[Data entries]
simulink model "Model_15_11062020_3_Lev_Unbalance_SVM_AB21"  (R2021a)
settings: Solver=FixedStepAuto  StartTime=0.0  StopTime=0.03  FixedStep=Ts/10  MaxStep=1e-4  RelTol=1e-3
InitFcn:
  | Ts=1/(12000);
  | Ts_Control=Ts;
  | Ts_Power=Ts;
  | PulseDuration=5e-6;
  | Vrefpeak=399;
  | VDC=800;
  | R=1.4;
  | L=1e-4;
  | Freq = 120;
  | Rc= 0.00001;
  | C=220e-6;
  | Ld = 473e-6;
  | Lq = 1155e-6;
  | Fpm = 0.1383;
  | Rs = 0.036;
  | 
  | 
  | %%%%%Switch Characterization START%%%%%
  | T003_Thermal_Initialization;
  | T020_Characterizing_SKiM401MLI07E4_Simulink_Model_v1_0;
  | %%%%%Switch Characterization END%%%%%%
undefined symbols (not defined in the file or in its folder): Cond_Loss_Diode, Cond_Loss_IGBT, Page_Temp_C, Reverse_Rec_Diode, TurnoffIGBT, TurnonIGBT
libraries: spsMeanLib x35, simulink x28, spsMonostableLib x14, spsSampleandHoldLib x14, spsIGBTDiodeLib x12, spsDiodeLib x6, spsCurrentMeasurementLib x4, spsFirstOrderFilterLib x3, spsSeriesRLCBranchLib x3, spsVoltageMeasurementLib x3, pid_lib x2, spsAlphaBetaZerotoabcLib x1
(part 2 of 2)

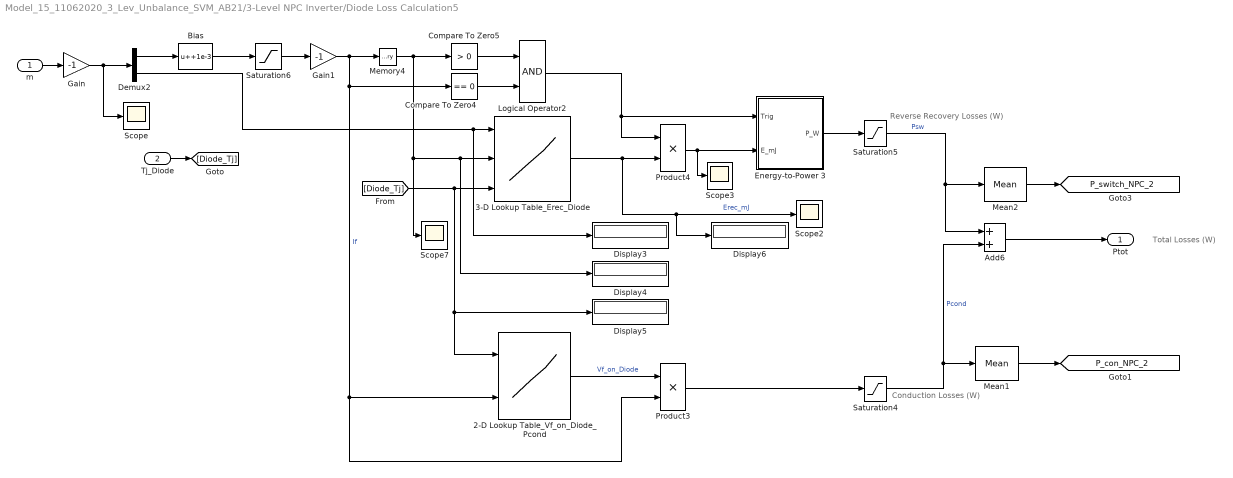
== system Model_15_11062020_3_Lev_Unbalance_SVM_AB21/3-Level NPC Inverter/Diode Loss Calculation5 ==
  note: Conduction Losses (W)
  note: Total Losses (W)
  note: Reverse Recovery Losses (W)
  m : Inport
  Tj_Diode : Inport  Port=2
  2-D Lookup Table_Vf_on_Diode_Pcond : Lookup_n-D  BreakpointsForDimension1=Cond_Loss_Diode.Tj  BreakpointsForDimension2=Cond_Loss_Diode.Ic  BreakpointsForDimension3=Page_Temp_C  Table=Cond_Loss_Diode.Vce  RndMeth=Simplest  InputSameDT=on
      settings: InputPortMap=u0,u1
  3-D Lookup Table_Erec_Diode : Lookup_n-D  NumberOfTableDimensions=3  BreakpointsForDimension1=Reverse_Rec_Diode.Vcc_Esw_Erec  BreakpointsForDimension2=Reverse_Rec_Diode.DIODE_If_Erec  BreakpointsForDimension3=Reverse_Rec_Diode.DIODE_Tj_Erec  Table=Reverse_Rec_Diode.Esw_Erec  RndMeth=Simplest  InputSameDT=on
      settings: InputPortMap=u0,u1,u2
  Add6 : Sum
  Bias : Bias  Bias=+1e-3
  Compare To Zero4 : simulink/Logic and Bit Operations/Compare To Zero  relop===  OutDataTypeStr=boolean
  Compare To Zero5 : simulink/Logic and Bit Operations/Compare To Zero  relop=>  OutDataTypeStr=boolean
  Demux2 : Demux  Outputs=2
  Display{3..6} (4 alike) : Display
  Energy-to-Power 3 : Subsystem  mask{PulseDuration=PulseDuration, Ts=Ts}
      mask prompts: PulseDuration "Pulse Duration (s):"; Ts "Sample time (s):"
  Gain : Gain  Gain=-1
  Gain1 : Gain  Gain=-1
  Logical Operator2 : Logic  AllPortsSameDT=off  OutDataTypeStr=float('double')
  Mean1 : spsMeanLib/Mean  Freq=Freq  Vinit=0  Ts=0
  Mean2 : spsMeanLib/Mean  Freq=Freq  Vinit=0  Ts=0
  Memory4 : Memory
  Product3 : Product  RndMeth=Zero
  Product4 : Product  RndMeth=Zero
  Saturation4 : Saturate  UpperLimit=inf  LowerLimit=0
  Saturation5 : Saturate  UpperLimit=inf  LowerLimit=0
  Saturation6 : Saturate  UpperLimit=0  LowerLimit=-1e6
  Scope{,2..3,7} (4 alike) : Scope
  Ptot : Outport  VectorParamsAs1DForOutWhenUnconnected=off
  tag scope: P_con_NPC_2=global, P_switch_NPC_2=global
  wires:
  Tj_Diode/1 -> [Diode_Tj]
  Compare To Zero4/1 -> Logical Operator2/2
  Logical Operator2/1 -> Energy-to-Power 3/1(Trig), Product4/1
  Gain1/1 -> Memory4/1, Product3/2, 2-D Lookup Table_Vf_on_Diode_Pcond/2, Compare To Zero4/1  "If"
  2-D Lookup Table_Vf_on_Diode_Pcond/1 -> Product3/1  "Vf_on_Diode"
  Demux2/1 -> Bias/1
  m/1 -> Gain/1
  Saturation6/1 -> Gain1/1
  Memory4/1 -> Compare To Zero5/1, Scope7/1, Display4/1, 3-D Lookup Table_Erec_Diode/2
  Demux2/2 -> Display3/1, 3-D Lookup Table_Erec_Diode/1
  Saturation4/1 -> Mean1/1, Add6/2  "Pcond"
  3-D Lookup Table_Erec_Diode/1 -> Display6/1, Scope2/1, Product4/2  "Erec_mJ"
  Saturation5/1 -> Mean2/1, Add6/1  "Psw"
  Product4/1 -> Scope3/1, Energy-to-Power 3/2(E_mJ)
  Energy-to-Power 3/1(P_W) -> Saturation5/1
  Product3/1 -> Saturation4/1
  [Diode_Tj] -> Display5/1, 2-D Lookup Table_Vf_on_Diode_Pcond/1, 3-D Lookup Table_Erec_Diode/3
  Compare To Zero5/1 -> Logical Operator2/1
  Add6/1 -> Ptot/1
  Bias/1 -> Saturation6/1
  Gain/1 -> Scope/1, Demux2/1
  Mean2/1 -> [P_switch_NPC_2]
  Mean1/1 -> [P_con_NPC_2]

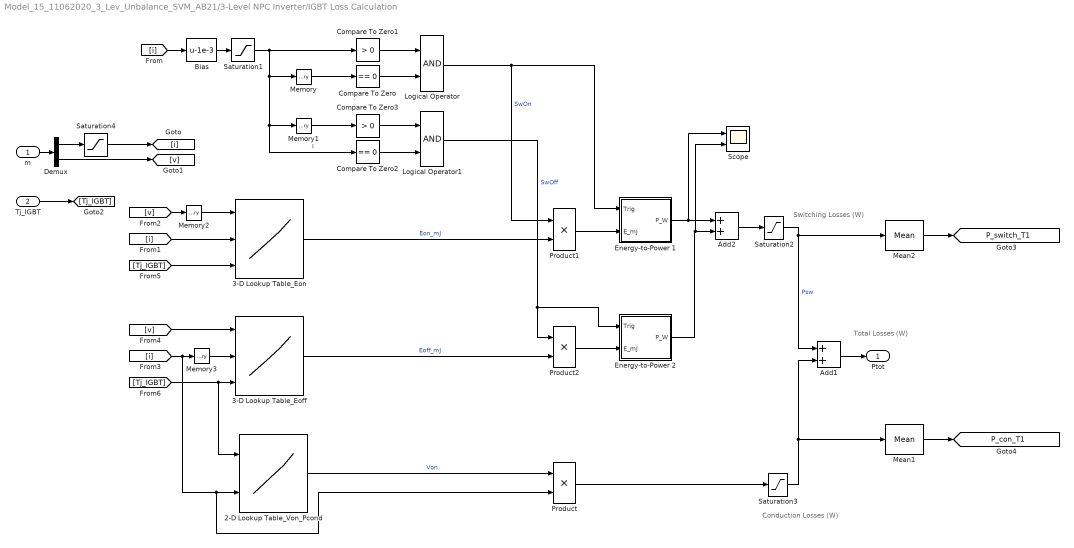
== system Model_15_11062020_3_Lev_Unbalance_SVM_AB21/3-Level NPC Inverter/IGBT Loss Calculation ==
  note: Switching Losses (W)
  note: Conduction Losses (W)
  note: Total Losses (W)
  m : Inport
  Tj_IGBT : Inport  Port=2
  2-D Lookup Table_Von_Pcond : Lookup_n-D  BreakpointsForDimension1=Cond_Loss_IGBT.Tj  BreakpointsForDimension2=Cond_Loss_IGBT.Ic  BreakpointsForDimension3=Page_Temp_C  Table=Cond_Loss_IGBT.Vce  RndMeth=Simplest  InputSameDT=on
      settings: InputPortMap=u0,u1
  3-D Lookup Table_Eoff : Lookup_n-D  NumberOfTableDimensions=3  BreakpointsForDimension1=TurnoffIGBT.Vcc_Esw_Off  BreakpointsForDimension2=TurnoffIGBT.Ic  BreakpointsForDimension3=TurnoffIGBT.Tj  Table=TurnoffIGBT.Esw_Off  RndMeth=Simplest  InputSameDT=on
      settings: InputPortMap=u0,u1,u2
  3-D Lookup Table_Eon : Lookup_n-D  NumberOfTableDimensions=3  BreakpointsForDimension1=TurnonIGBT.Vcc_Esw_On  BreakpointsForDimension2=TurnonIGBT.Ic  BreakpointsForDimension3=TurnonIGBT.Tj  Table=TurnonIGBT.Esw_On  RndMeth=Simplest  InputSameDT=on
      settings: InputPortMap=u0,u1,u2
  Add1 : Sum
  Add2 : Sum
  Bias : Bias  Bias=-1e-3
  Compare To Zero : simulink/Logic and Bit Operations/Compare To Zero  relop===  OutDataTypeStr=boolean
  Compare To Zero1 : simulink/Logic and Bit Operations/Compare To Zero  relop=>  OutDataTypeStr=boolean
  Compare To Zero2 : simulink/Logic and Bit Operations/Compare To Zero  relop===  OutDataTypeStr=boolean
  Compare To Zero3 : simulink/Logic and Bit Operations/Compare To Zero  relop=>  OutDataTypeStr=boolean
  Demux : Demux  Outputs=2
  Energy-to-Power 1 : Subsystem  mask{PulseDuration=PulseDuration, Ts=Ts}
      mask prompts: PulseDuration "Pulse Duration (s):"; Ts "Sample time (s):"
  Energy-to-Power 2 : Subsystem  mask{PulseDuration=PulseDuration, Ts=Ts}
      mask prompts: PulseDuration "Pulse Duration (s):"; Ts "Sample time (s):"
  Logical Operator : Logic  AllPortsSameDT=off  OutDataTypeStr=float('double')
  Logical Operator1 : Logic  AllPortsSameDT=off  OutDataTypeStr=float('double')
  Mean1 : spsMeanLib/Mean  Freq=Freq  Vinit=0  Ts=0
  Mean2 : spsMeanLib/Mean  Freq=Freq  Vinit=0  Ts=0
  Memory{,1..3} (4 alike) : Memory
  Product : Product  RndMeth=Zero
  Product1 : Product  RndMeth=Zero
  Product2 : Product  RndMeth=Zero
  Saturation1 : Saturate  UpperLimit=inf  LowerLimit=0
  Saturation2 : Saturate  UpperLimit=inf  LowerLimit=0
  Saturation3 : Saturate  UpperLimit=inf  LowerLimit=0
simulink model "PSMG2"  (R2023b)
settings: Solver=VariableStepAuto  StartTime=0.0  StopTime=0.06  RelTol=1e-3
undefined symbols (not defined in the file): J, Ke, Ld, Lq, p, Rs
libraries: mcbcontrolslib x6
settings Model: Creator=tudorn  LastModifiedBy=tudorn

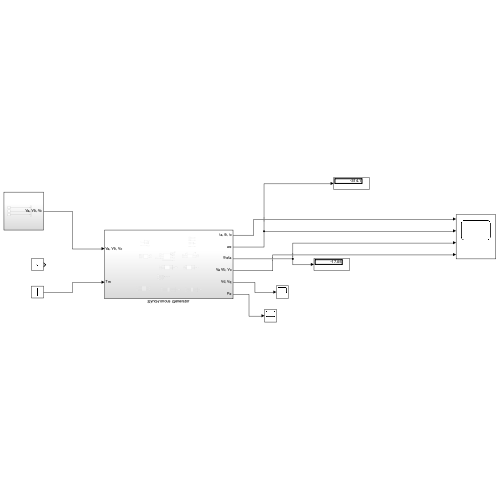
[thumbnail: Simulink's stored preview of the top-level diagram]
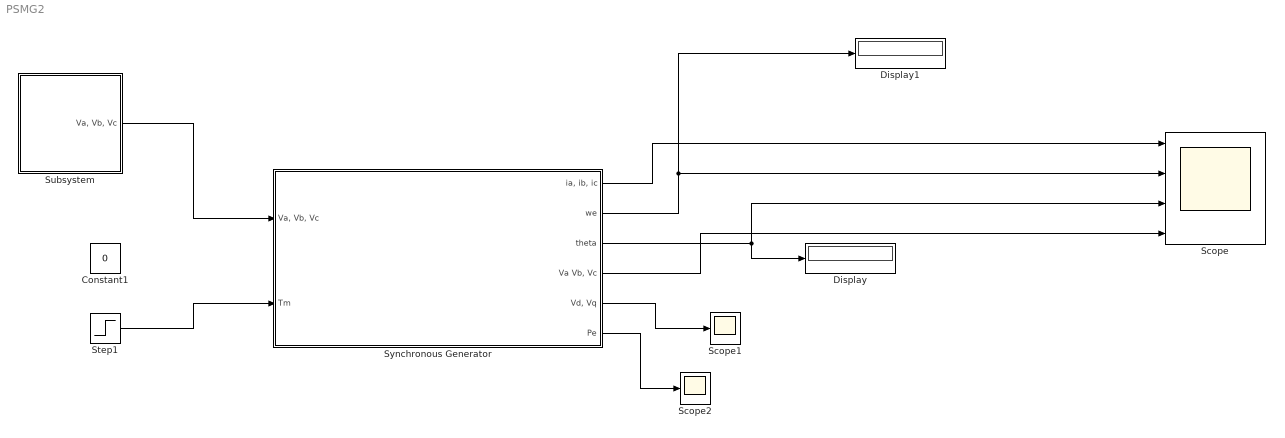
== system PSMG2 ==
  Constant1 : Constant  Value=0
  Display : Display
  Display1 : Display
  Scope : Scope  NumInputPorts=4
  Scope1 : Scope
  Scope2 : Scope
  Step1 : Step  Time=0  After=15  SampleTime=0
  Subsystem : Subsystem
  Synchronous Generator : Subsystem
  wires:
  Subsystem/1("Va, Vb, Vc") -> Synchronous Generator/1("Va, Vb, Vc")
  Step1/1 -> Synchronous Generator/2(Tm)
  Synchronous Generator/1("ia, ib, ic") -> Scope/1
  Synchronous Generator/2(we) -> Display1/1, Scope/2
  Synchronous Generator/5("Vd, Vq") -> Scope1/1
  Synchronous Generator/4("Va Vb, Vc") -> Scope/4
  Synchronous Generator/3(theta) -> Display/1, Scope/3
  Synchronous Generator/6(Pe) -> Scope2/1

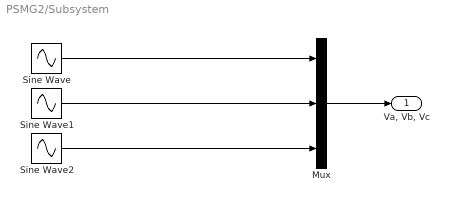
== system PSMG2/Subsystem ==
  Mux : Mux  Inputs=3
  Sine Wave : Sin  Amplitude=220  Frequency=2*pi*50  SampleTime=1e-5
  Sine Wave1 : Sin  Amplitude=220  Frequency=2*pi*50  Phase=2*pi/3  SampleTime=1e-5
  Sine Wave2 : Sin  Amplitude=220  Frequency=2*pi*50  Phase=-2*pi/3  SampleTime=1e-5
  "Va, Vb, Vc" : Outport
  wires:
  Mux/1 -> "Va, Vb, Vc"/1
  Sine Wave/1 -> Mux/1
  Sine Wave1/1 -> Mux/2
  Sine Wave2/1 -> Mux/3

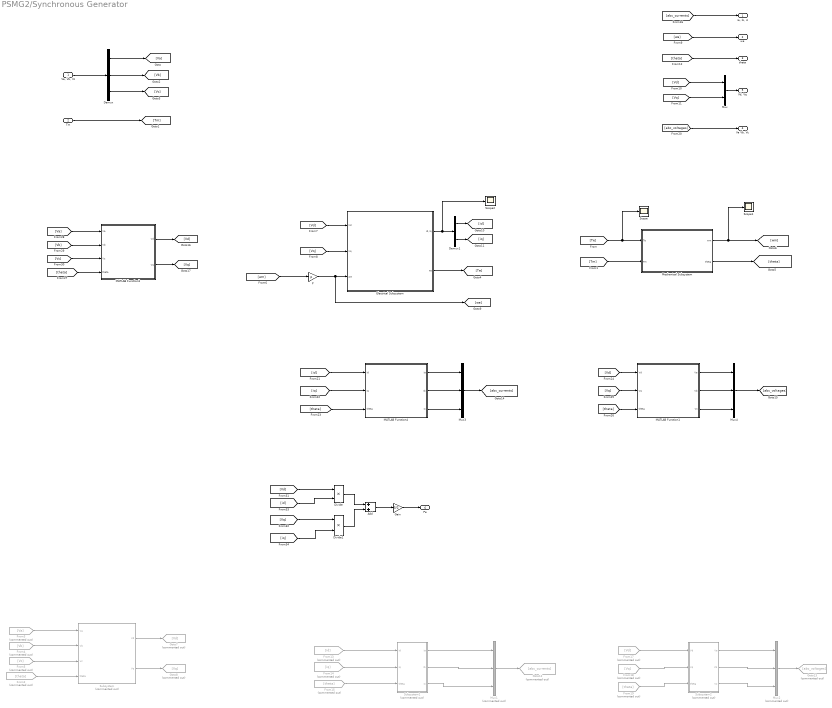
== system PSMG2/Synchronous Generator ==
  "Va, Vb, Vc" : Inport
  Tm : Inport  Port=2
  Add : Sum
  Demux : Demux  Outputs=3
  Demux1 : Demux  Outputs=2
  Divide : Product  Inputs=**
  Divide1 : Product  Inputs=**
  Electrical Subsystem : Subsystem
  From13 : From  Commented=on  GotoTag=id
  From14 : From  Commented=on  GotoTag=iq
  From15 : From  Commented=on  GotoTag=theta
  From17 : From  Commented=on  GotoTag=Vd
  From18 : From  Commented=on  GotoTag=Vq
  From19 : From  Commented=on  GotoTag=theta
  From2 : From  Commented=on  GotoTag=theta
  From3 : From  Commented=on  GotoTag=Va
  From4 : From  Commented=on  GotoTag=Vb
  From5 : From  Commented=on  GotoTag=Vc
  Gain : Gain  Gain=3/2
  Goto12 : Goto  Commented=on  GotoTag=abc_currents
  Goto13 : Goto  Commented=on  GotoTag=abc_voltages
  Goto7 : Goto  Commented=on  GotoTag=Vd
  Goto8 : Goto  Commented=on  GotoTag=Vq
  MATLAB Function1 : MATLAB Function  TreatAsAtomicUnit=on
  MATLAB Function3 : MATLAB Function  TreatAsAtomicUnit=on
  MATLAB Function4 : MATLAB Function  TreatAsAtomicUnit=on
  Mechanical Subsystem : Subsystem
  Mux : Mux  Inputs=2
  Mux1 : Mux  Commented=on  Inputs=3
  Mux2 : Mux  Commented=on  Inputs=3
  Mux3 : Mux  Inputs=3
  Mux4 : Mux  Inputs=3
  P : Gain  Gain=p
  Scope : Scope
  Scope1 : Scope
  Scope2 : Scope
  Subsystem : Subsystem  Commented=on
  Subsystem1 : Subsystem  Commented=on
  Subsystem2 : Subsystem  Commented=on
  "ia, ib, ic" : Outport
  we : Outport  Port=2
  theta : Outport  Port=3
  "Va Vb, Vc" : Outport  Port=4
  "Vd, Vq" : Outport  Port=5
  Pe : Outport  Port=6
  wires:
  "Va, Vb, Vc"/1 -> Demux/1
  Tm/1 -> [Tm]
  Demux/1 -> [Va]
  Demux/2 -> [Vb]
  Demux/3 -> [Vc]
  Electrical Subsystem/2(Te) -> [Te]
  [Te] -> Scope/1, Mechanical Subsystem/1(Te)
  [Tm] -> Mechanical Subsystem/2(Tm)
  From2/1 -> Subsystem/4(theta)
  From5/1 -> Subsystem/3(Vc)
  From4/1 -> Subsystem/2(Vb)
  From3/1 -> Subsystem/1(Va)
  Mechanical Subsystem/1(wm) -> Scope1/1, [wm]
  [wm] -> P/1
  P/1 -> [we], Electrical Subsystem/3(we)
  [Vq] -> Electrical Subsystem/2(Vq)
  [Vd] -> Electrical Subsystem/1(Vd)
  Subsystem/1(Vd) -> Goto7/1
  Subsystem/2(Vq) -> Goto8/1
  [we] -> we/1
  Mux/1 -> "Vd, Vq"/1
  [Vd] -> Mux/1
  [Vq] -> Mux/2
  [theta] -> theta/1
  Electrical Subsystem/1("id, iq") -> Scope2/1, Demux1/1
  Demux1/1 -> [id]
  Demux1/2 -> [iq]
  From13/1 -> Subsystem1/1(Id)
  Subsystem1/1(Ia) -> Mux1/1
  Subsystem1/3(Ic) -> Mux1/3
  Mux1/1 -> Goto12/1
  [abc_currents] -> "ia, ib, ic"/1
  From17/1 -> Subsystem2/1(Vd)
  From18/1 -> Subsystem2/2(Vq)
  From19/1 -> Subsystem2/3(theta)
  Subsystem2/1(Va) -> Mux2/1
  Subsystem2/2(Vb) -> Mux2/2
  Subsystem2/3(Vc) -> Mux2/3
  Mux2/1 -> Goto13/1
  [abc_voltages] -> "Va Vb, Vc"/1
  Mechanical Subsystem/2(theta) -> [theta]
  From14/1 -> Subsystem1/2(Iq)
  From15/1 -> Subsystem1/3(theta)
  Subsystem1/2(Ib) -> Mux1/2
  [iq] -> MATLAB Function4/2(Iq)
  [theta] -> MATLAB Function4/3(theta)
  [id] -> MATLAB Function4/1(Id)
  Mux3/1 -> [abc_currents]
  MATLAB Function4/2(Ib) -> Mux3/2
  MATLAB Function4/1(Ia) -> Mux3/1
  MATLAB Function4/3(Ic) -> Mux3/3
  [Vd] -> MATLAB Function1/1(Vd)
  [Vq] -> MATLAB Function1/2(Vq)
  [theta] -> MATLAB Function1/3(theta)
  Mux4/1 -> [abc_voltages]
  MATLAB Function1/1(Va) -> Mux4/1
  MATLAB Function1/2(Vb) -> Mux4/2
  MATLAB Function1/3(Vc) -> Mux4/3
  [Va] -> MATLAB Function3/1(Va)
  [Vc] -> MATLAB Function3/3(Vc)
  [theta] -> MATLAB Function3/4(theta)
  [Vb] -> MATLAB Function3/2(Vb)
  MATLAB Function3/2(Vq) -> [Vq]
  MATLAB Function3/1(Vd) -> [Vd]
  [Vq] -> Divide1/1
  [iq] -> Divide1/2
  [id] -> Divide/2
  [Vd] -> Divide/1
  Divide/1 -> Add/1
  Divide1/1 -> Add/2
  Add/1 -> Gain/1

• **Action item**
Copy the stretch of the records above that runs from the line with "Demux1/2 -> [iq]" through the line with "Mux2/1 -> Goto13/1". Both end lines belong in the copy, and nothing else does.

• **Answer for this exercise**
  Demux1/2 -> [iq]
  From13/1 -> Subsystem1/1(Id)
  Subsystem1/1(Ia) -> Mux1/1
  Subsystem1/3(Ic) -> Mux1/3
  Mux1/1 -> Goto12/1
  [abc_currents] -> "ia, ib, ic"/1
  From17/1 -> Subsystem2/1(Vd)
  From18/1 -> Subsystem2/2(Vq)
  From19/1 -> Subsystem2/3(theta)
  Subsystem2/1(Va) -> Mux2/1
  Subsystem2/2(Vb) -> Mux2/2
  Subsystem2/3(Vc) -> Mux2/3
  Mux2/1 -> Goto13/1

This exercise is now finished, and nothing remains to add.